Exercise directions =
Using the data below, copy out all lines with the word "substate".

Exercise materials =
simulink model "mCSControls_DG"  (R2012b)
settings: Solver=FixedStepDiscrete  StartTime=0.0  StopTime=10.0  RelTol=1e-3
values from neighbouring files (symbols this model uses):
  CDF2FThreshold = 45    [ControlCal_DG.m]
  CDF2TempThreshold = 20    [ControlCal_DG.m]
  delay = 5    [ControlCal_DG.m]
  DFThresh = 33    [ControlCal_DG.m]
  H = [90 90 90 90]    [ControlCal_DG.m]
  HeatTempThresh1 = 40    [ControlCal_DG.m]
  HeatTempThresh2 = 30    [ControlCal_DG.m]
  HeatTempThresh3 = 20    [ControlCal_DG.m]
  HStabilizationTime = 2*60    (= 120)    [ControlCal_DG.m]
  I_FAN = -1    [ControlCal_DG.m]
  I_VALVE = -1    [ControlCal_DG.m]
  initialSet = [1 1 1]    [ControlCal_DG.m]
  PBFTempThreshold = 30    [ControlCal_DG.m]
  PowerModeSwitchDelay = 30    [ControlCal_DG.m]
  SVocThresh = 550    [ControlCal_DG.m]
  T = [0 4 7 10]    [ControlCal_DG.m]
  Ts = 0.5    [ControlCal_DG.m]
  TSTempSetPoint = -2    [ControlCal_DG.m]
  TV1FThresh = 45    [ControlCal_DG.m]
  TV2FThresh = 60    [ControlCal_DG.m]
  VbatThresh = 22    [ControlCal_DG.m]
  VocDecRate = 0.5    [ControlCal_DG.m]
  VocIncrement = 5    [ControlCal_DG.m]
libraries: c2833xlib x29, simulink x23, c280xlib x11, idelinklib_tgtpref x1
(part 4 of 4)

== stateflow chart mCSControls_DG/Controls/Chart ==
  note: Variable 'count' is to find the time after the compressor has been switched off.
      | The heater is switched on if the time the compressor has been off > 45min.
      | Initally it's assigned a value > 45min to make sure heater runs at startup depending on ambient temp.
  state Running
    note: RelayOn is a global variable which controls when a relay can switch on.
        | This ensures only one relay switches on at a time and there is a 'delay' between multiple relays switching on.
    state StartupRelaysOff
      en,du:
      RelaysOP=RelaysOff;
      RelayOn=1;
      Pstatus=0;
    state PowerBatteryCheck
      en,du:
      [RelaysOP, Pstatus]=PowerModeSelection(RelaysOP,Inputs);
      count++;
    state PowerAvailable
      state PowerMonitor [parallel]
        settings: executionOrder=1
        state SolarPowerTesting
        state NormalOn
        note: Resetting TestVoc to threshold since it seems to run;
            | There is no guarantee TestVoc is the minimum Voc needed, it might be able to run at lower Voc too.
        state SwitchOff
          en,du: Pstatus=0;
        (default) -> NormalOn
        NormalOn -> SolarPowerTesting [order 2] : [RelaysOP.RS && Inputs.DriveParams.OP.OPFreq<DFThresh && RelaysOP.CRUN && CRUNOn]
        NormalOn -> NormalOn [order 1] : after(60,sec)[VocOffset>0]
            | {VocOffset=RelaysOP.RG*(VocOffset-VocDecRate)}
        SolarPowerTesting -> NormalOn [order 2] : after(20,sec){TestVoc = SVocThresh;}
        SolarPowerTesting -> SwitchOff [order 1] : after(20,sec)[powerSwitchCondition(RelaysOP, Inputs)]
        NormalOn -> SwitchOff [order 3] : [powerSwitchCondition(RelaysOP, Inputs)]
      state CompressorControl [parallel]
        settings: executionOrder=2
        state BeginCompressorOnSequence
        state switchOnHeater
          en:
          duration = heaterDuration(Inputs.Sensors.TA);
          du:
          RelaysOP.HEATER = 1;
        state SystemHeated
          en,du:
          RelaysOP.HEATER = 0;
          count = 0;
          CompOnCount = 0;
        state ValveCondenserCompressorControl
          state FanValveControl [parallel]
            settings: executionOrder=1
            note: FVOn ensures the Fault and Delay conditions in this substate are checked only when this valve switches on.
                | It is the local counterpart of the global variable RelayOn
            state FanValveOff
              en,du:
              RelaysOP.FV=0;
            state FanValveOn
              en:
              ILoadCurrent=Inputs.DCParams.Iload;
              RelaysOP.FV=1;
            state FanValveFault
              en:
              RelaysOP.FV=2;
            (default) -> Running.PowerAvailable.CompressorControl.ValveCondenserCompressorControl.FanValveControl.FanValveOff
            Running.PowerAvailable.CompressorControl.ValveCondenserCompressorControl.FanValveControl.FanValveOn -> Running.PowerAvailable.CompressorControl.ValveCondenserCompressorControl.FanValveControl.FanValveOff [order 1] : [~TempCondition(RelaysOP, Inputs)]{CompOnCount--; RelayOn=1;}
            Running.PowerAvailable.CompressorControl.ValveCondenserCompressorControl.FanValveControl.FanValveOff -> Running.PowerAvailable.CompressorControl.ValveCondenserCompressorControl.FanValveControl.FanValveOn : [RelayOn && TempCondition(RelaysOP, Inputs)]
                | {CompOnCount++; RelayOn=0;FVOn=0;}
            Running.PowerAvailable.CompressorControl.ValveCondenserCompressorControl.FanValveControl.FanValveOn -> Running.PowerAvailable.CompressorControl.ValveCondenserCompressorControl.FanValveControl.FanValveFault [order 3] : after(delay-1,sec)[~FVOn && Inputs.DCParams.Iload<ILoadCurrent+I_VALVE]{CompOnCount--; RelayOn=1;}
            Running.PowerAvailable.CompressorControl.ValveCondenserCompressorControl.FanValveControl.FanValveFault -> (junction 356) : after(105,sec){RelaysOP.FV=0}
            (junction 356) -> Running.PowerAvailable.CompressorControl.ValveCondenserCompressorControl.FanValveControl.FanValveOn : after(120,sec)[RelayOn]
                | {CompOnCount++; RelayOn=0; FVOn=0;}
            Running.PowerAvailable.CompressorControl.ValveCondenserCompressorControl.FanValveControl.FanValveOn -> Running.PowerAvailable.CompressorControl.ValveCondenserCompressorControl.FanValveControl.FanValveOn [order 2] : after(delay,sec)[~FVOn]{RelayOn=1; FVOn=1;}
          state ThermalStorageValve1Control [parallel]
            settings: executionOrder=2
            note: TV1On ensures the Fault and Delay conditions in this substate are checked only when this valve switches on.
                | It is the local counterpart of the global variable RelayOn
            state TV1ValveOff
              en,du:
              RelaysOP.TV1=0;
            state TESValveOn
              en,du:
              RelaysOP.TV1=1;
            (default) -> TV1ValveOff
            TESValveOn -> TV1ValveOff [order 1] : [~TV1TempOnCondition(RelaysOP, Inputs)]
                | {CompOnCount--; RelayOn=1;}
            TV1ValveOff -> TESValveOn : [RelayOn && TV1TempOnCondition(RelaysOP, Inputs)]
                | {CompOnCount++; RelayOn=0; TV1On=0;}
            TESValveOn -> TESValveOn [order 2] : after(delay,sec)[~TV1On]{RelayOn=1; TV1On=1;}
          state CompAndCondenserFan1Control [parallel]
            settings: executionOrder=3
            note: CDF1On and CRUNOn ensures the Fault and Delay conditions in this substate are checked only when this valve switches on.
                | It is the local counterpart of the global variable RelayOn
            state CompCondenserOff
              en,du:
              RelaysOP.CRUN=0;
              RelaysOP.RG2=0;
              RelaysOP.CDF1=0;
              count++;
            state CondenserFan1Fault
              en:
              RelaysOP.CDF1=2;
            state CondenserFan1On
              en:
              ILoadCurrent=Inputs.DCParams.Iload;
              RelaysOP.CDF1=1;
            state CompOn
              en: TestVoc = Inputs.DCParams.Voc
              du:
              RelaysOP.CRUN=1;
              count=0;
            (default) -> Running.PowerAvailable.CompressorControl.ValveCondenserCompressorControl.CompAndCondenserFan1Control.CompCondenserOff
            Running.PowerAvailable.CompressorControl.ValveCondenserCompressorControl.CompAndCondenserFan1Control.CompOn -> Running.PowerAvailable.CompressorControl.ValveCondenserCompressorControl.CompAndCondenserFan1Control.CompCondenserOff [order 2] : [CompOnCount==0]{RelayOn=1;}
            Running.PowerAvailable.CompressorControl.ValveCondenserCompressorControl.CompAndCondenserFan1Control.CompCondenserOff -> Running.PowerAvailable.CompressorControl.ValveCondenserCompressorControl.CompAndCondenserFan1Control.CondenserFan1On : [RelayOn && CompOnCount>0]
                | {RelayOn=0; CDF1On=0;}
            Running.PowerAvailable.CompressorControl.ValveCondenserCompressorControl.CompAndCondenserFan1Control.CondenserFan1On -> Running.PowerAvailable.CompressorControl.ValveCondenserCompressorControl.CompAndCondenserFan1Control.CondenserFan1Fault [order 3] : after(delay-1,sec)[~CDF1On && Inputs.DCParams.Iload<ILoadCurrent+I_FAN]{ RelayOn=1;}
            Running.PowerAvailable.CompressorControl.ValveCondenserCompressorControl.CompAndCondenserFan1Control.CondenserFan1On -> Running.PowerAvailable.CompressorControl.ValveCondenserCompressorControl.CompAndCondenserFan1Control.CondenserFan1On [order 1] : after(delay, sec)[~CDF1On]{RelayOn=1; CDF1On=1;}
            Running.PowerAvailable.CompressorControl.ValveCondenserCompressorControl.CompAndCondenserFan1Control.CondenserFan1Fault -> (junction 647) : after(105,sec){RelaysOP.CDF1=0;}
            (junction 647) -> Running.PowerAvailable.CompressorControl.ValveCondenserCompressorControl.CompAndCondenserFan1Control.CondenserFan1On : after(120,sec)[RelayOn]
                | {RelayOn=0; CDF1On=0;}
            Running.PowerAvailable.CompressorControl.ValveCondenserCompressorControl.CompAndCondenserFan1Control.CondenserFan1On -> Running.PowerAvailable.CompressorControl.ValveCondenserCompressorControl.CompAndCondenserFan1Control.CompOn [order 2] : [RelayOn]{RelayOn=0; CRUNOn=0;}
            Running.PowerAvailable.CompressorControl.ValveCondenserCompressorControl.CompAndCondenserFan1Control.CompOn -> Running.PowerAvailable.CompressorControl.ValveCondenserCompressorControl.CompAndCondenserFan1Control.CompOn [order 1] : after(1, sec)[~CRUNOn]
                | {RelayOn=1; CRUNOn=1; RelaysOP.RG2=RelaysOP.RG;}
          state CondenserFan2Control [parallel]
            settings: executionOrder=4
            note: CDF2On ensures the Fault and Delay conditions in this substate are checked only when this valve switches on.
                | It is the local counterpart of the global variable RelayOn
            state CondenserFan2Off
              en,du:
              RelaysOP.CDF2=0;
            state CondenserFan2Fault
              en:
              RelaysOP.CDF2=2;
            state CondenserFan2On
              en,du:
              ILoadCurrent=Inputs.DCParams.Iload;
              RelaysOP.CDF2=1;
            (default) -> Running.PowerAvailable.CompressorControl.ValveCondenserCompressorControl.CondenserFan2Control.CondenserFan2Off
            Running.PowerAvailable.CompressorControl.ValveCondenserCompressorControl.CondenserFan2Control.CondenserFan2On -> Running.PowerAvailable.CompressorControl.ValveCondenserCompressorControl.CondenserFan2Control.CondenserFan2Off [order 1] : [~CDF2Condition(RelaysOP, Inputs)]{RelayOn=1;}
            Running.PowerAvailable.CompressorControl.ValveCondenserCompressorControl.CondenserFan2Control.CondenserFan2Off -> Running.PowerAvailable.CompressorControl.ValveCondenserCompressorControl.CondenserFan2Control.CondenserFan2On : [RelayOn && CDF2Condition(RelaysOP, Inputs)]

Response area =
            note: FVOn ensures the Fault and Delay conditions in this substate are checked only when this valve switches on.
            note: TV1On ensures the Fault and Delay conditions in this substate are checked only when this valve switches on.
            note: CDF1On and CRUNOn ensures the Fault and Delay conditions in this substate are checked only when this valve switches on.
            note: CDF2On ensures the Fault and Delay conditions in this substate are checked only when this valve switches on.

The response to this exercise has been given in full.